It’s Not Just the Recession: The Budget Crisis and Washington State’s Structural Deficit

Report | July 1, 2003 | By Marilyn Watkins, Marilyn Watkins

Executive Summary

How fast should government and government spending grow? Do they need to grow at all?

These questions are an important part of the on-going debate over Washington state’s budget and tax system. In order for state services to meet the demands created by a changing economy and growing population, state revenues need to grow at the same rate as overall economic growth.

Until the mid-1990s, Washington’s state spending did grow along with the economy. Unfortunately, under Washington’s antiquated tax system, public revenues grow more slowly than the general economy unless tax rates are continually raised. For decades the legislature did periodically raise tax rates in order to keep up with demand for improvements in public education, transportation, and other state services. However, in the 1990s a series of people’s initiatives and legislative actions cut taxes. The economic boom of the 1990s generated sufficient public revenues to blunt the effects of those cuts at first. But the boom is over, and isn’t likely to return for any sustained period.

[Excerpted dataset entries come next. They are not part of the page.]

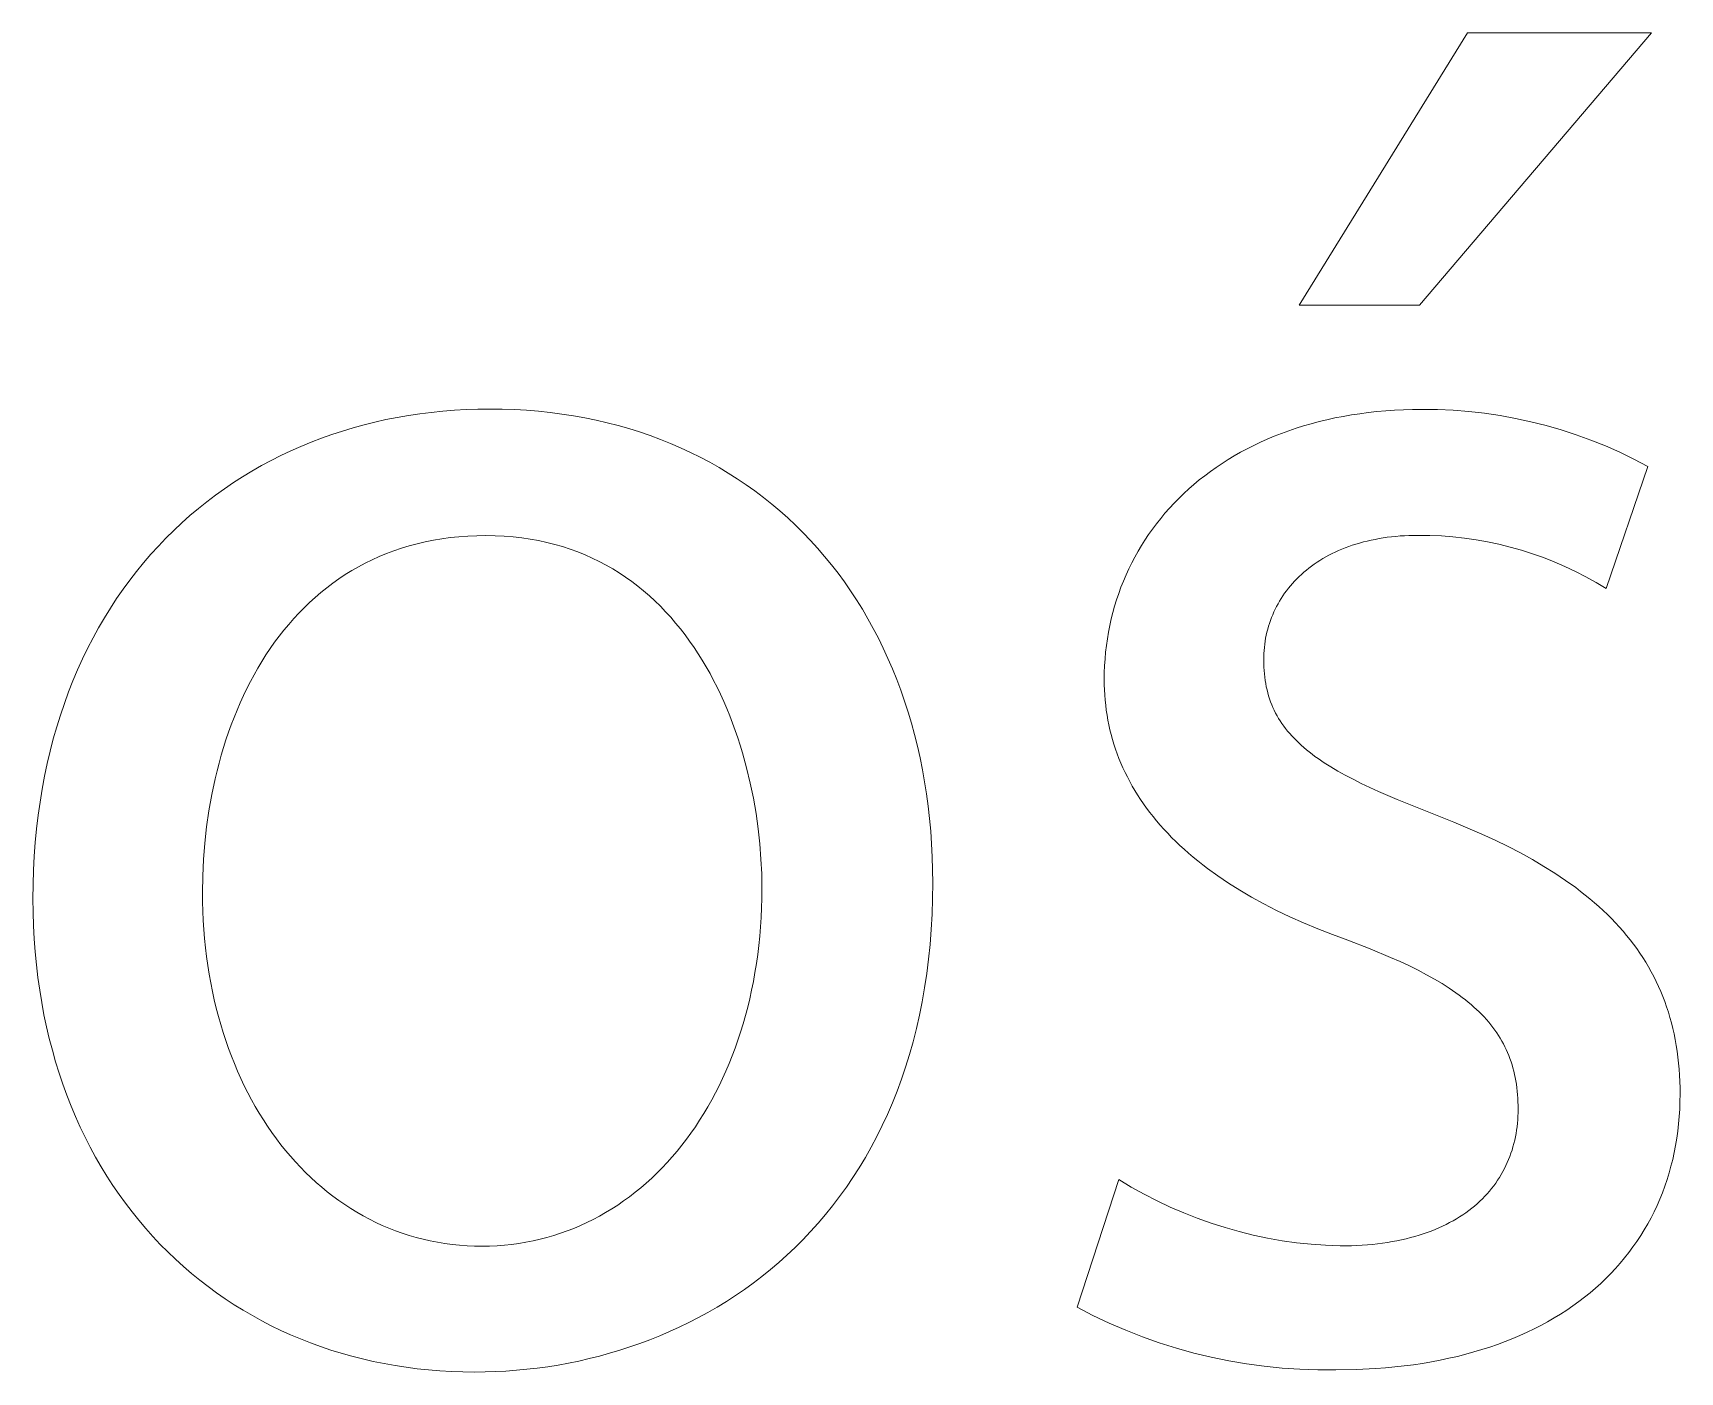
# Model space of a CAD drawing. Header units: millimetres. Extents: x -1656 to 3995, y -637 to 3312.
# Drawn here: x 2575.89 to 2624.88, y -542.46 to -502.63 of the extents above; entities that cross this region are included whole.
import ezdxf

# ---------------------------------------------------------------- set-up
doc = ezdxf.new("R2010")
doc.units = ezdxf.units.MM
doc.header["$MEASUREMENT"] = 0
doc.layers.add('Domyślny', color=7, linetype='Continuous', true_color=0x000000)

msp = doc.modelspace()

# ---------------------------------------------------------------- linework, layer by layer
at = {"layer": 'Domyślny', "color": 18, "lineweight": 15, "true_color": 0x000000}
for p, q in [((2613.548, -510.722), (2618.554, -502.63)), ((2624.03, -502.63), (2617.123, -510.722)), ((2618.554, -502.63), (2624.03, -502.63)), ((2617.123, -510.722), (2613.548, -510.722)), ((2588.776, -513.831), (2589.127, -513.82)), ((2589.127, -513.82), (2589.48, -513.816)), ((2589.48, -513.816), (2589.847, -513.82)), ((2589.847, -513.82), (2590.21, -513.832)), ((2616.924, -513.83), (2617.199, -513.827)), ((2617.199, -513.827), (2617.665, -513.833)), ((2585.417, -514.373), (2585.739, -514.285)), ((2585.739, -514.285), (2586.064, -514.204)), ((2586.064, -514.204), (2586.393, -514.131)), ((2586.393, -514.131), (2586.724, -514.065)), ((2586.724, -514.065), (2587.059, -514.007)), ((2587.059, -514.007), (2587.397, -513.956)), ((2587.397, -513.956), (2587.738, -513.914)), ((2587.738, -513.914), (2588.081, -513.878)), ((2588.081, -513.878), (2588.427, -513.851)), ((2588.427, -513.851), (2588.776, -513.831)), ((2590.21, -513.832), (2590.569, -513.853)), ((2590.569, -513.853), (2590.924, -513.882)), ((2590.924, -513.882), (2591.276, -513.919)), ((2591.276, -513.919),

The national economic downturn that began in 2001 has hit the Pacific Northwest particularly hard and has been a major factor in large deficits in the state budget. Almost every state in the country is faced with similar deficits in 2003. However, unlike most other states, Washington’s financial problems will remain even when our economy is flourishing again, because our tax system is so out of step with the 21st century economy. Washington residents will face a continuing struggle to find sufficient public revenues to fund the level and quality of government services they want and need – unless we bite the bullet and reform our tax structure.

At the root of Washington’s long-term budget problem is the heavy reliance on a retail sales tax on goods, a part of our economy that is shrinking. As the 2002 Washington Tax Structure Study Committee headed by William Gates, Sr. also concluded, Washington state needs to expand the tax base to fit the 21st century economy, particularly by:

  1. extending the sales tax to areas of the economy that are growing, that is services; and
  2. adding a new source of revenue to our overall system that can be expected to keep pace with general economic growth. Since personal income grows at the same rate as the economy, a personal income tax would best fill this need.

These reforms would also improve Washington’s tax system by making it fairer, distributing tax paying responsibilities more equitably among state residents.